WHAT TO PRODUCE: Could you copy out all of the records below exactly, leaving out every picture?

___

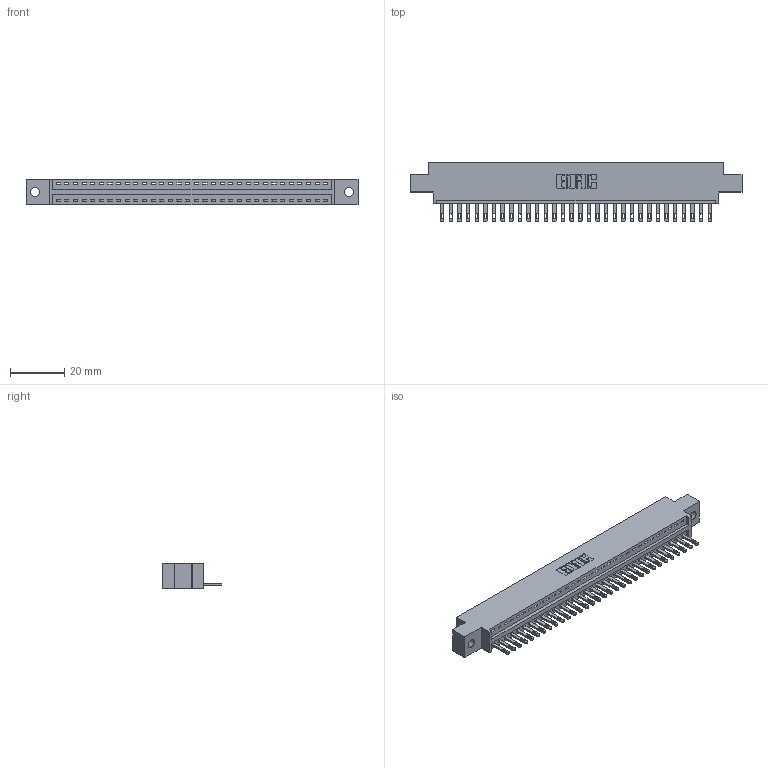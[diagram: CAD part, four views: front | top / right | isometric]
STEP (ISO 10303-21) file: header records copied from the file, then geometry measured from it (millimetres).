
FILE_DESCRIPTION (( 'STEP AP203' ), '1' );
FILE_NAME ('896-032-500-602.STEP', '2021-07-27T19:18:08', ( '' ), ( '' ), 'SwSTEP 2.0', 'SolidWorks 2020', '' );
FILE_SCHEMA (( 'CONFIG_CONTROL_DESIGN' ));
Length unit declared in the file: inch
Products named in the file (3): 846 Part_0.170 Offset - 0.128 Dia; 345-292-001_345-293-100; 896-032-500-602
Assembly tree (33 placements, depth 2):
  896-032-500-602
    846 Part_0.170 Offset - 0.128 Dia
    345-292-001_345-293-100  x32
Bounding box: 122.17 x 21.84 x 9.4 mm (x, y, z)
Volume: 11454.4 mm3; surface area: 14172.2 mm2
Topology: 33 solids, 33 shells, 1854 faces, 5717 edges, 3810 vertices
Faces by surface type: plane 1168, cylinder 686
Entity records: 21271 total; most frequent: CARTESIAN_POINT 3656, ORIENTED_EDGE 3622, DIRECTION 3239, EDGE_CURVE 1811, LINE 1547, VECTOR 1547, VERTEX_POINT 1206, AXIS2_PLACEMENT_3D 846
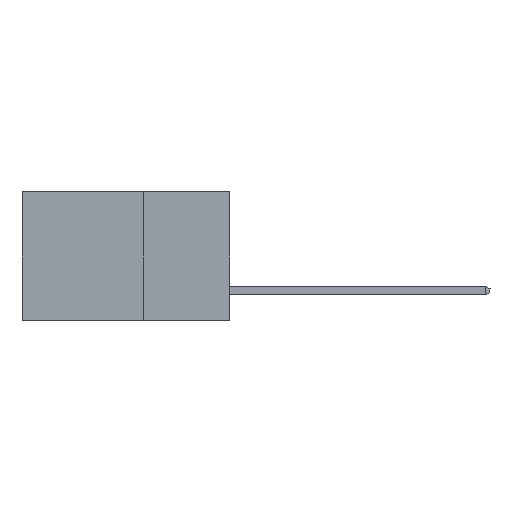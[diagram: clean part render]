
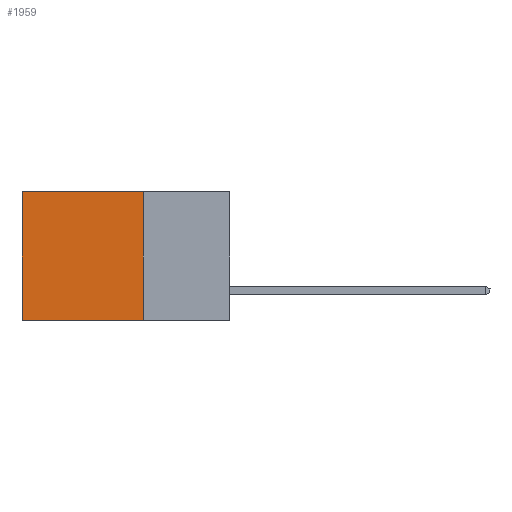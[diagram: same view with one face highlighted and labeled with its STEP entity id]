
A CAD part, left-side view. The second image highlights one B-rep face of the part: STEP entity #1959.
In plain terms, the highlighted planar face has unit normal (-1, 0, 0).
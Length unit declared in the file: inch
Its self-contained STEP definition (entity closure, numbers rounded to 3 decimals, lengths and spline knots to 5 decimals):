
#49 = EDGE_CURVE ( 'NONE', #4571, #10410, #13170, .T. ) ;
#530 = ORIENTED_EDGE ( 'NONE', *, *, #49, .F. ) ;
#1618 = EDGE_CURVE ( 'NONE', #4783, #12567, #5579, .T. ) ;
#1959 = ADVANCED_FACE ( 'NONE', ( #2507 ), #9236, .F. ) ;
#2175 = AXIS2_PLACEMENT_3D ( 'NONE', #15597, #11497, #4313 ) ;
#2195 = ORIENTED_EDGE ( 'NONE', *, *, #1618, .T. ) ;
#2319 = ORIENTED_EDGE ( 'NONE', *, *, #5151, .T. ) ;
#2507 = FACE_OUTER_BOUND ( 'NONE', #7908, .T. ) ;
#3547 = CARTESIAN_POINT ( 'NONE',  ( 0.2615, 0.25, -0.37 ) ) ;
#3899 = DIRECTION ( 'NONE',  ( 0., 1., 0. ) ) ;
#4313 = DIRECTION ( 'NONE',  ( 0., 0., -1. ) ) ;
#4571 = VERTEX_POINT ( 'NONE', #15376 ) ;
#4596 = CARTESIAN_POINT ( 'NONE',  ( 0.2615, 0.6, -0.37 ) ) ;
#4693 = VECTOR ( 'NONE', #15738, 39.37008 ) ;
#4705 = DIRECTION ( 'NONE',  ( 0., 1., 0. ) ) ;
#4783 = VERTEX_POINT ( 'NONE', #7942 ) ;
#5151 = EDGE_CURVE ( 'NONE', #4571, #4783, #10158, .T. ) ;
#5579 = LINE ( 'NONE', #4596, #14433 ) ;
#5941 = LINE ( 'NONE', #15986, #15132 ) ;
#6531 = ORIENTED_EDGE ( 'NONE', *, *, #14239, .F. ) ;
#7282 = CARTESIAN_POINT ( 'NONE',  ( 0.2615, 0.25, -0.37 ) ) ;
#7908 = EDGE_LOOP ( 'NONE', ( #2195, #6531, #530, #2319 ) ) ;
#7942 = CARTESIAN_POINT ( 'NONE',  ( 0.2615, 0.6, 0. ) ) ;
#9236 = PLANE ( 'NONE',  #2175 ) ;
#10158 = LINE ( 'NONE', #15192, #11037 ) ;
#10410 = VERTEX_POINT ( 'NONE', #3547 ) ;
#10604 = DIRECTION ( 'NONE',  ( 0., 0., -1. ) ) ;
#11037 = VECTOR ( 'NONE', #3899, 39.37008 ) ;
#11497 = DIRECTION ( 'NONE',  ( 1., 0., 0. ) ) ;
#12567 = VERTEX_POINT ( 'NONE', #16151 ) ;
#13170 = LINE ( 'NONE', #7282, #4693 ) ;
#14239 = EDGE_CURVE ( 'NONE', #10410, #12567, #5941, .T. ) ;
#14433 = VECTOR ( 'NONE', #10604, 39.37008 ) ;
#15132 = VECTOR ( 'NONE', #4705, 39.37008 ) ;
#15192 = CARTESIAN_POINT ( 'NONE',  ( 0.2615, 0.25, 0. ) ) ;
#15376 = CARTESIAN_POINT ( 'NONE',  ( 0.2615, 0.25, 0. ) ) ;
#15597 = CARTESIAN_POINT ( 'NONE',  ( 0.2615, 0.25, -0.37 ) ) ;
#15738 = DIRECTION ( 'NONE',  ( 0., 0., -1. ) ) ;
#15986 = CARTESIAN_POINT ( 'NONE',  ( 0.2615, 0.25, -0.37 ) ) ;
#16151 = CARTESIAN_POINT ( 'NONE',  ( 0.2615, 0.6, -0.37 ) ) ;

___

EXERCISE RESPONSE:
[diagram: CAD part, four views: front | top / right | isometric]
STEP (ISO 10303-21) file: header records copied from the file, then geometry measured from it (millimetres).
FILE_DESCRIPTION (( 'STEP AP203' ), '1' );
FILE_NAME ('896-032-500-602.STEP', '2021-07-27T19:18:08', ( '' ), ( '' ), 'SwSTEP 2.0', 'SolidWorks 2020', '' );
FILE_SCHEMA (( 'CONFIG_CONTROL_DESIGN' ));
Length unit declared in the file: inch
Products named in the file (3): 846 Part_0.170 Offset - 0.128 Dia; 345-292-001_345-293-100; 896-032-500-602
Assembly tree (33 placements, depth 2):
  896-032-500-602
    846 Part_0.170 Offset - 0.128 Dia
    345-292-001_345-293-100  x32
Bounding box: 122.17 x 21.84 x 9.4 mm (x, y, z)
Volume: 11454.4 mm3; surface area: 14172.2 mm2
Topology: 33 solids, 33 shells, 1854 faces, 5717 edges, 3810 vertices
Faces by surface type: plane 1168, cylinder 686
Entity records: 21271 total; most frequent: CARTESIAN_POINT 3656, ORIENTED_EDGE 3622, DIRECTION 3239, EDGE_CURVE 1811, LINE 1547, VECTOR 1547, VERTEX_POINT 1206, AXIS2_PLACEMENT_3D 846
[diagram: clean part render]
[diagram: same view with one face highlighted and labeled with its STEP entity id]
A CAD part, left-side view. The second image highlights one B-rep face of the part: STEP entity #1959.
In plain terms, the highlighted planar face has unit normal (-1, 0, 0).
Length unit declared in the file: inch
Its self-contained STEP definition (entity closure, numbers rounded to 3 decimals, lengths and spline knots to 5 decimals):
#49 = EDGE_CURVE ( 'NONE', #4571, #10410, #13170, .T. ) ;
#530 = ORIENTED_EDGE ( 'NONE', *, *, #49, .F. ) ;
#1618 = EDGE_CURVE ( 'NONE', #4783, #12567, #5579, .T. ) ;
#1959 = ADVANCED_FACE ( 'NONE', ( #2507 ), #9236, .F. ) ;
#2175 = AXIS2_PLACEMENT_3D ( 'NONE', #15597, #11497, #4313 ) ;
#2195 = ORIENTED_EDGE ( 'NONE', *, *, #1618, .T. ) ;
#2319 = ORIENTED_EDGE ( 'NONE', *, *, #5151, .T. ) ;
#2507 = FACE_OUTER_BOUND ( 'NONE', #7908, .T. ) ;
#3547 = CARTESIAN_POINT ( 'NONE',  ( 0.2615, 0.25, -0.37 ) ) ;
#3899 = DIRECTION ( 'NONE',  ( 0., 1., 0. ) ) ;
#4313 = DIRECTION ( 'NONE',  ( 0., 0., -1. ) ) ;
#4571 = VERTEX_POINT ( 'NONE', #15376 ) ;
#4596 = CARTESIAN_POINT ( 'NONE',  ( 0.2615, 0.6, -0.37 ) ) ;
#4693 = VECTOR ( 'NONE', #15738, 39.37008 ) ;
#4705 = DIRECTION ( 'NONE',  ( 0., 1., 0. ) ) ;
#4783 = VERTEX_POINT ( 'NONE', #7942 ) ;
#5151 = EDGE_CURVE ( 'NONE', #4571, #4783, #10158, .T. ) ;
#5579 = LINE ( 'NONE', #4596, #14433 ) ;
#5941 = LINE ( 'NONE', #15986, #15132 ) ;
#6531 = ORIENTED_EDGE ( 'NONE', *, *, #14239, .F. ) ;
#7282 = CARTESIAN_POINT ( 'NONE',  ( 0.2615, 0.25, -0.37 ) ) ;
#7908 = EDGE_LOOP ( 'NONE', ( #2195, #6531, #530, #2319 ) ) ;
#7942 = CARTESIAN_POINT ( 'NONE',  ( 0.2615, 0.6, 0. ) ) ;
#9236 = PLANE ( 'NONE',  #2175 ) ;
#10158 = LINE ( 'NONE', #15192, #11037 ) ;
#10410 = VERTEX_POINT ( 'NONE', #3547 ) ;
#10604 = DIRECTION ( 'NONE',  ( 0., 0., -1. ) ) ;
#11037 = VECTOR ( 'NONE', #3899, 39.37008 ) ;
#11497 = DIRECTION ( 'NONE',  ( 1., 0., 0. ) ) ;
#12567 = VERTEX_POINT ( 'NONE', #16151 ) ;
#13170 = LINE ( 'NONE', #7282, #4693 ) ;
#14239 = EDGE_CURVE ( 'NONE', #10410, #12567, #5941, .T. ) ;
#14433 = VECTOR ( 'NONE', #10604, 39.37008 ) ;
#15132 = VECTOR ( 'NONE', #4705, 39.37008 ) ;
#15192 = CARTESIAN_POINT ( 'NONE',  ( 0.2615, 0.25, 0. ) ) ;
#15376 = CARTESIAN_POINT ( 'NONE',  ( 0.2615, 0.25, 0. ) ) ;
#15597 = CARTESIAN_POINT ( 'NONE',  ( 0.2615, 0.25, -0.37 ) ) ;
#15738 = DIRECTION ( 'NONE',  ( 0., 0., -1. ) ) ;
#15986 = CARTESIAN_POINT ( 'NONE',  ( 0.2615, 0.25, -0.37 ) ) ;
#16151 = CARTESIAN_POINT ( 'NONE',  ( 0.2615, 0.6, -0.37 ) ) ;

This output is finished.